■ Task brief:
Copy, word for word, each line of the data below from the first through the line containing "FIMWB_003 : Subsystem", and stop there.

───

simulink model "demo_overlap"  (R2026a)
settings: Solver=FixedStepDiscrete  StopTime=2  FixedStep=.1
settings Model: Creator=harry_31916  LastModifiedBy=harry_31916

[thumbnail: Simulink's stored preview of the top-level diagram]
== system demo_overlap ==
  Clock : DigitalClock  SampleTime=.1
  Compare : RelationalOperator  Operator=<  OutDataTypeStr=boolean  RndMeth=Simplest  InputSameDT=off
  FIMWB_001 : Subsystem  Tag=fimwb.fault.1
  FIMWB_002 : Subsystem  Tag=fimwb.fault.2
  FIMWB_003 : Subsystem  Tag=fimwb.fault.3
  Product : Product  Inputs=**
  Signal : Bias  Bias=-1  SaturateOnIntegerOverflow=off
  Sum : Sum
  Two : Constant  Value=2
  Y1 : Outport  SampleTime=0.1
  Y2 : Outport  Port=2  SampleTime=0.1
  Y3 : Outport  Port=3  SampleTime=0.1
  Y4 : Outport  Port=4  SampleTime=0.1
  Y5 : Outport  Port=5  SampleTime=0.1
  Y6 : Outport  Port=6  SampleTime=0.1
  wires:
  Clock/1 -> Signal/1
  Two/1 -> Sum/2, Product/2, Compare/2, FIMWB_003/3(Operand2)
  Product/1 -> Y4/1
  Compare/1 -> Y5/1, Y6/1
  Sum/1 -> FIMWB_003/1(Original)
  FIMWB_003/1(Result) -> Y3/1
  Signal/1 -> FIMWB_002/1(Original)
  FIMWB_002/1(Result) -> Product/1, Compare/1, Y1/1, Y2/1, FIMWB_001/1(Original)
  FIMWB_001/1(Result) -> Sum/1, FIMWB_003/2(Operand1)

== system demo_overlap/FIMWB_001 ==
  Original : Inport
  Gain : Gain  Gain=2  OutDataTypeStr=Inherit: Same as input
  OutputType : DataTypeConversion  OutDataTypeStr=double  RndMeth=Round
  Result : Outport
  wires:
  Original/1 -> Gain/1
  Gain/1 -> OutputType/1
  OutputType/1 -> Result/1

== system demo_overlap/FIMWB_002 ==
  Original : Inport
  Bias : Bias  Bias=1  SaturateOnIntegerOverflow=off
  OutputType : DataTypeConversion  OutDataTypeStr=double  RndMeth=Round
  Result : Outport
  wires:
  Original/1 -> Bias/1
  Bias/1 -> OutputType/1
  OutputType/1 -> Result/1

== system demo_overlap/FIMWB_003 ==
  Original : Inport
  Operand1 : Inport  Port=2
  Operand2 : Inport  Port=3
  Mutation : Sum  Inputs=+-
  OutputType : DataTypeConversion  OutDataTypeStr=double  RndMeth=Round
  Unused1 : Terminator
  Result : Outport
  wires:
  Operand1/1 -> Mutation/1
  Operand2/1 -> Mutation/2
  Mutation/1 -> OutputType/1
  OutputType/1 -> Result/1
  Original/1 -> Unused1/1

───

■ Solution for this problem:
simulink model "demo_overlap"  (R2026a)
settings: Solver=FixedStepDiscrete  StopTime=2  FixedStep=.1
settings Model: Creator=harry_31916  LastModifiedBy=harry_31916

[thumbnail: Simulink's stored preview of the top-level diagram]
== system demo_overlap ==
  Clock : DigitalClock  SampleTime=.1
  Compare : RelationalOperator  Operator=<  OutDataTypeStr=boolean  RndMeth=Simplest  InputSameDT=off
  FIMWB_001 : Subsystem  Tag=fimwb.fault.1
  FIMWB_002 : Subsystem  Tag=fimwb.fault.2
  FIMWB_003 : Subsystem  Tag=fimwb.fault.3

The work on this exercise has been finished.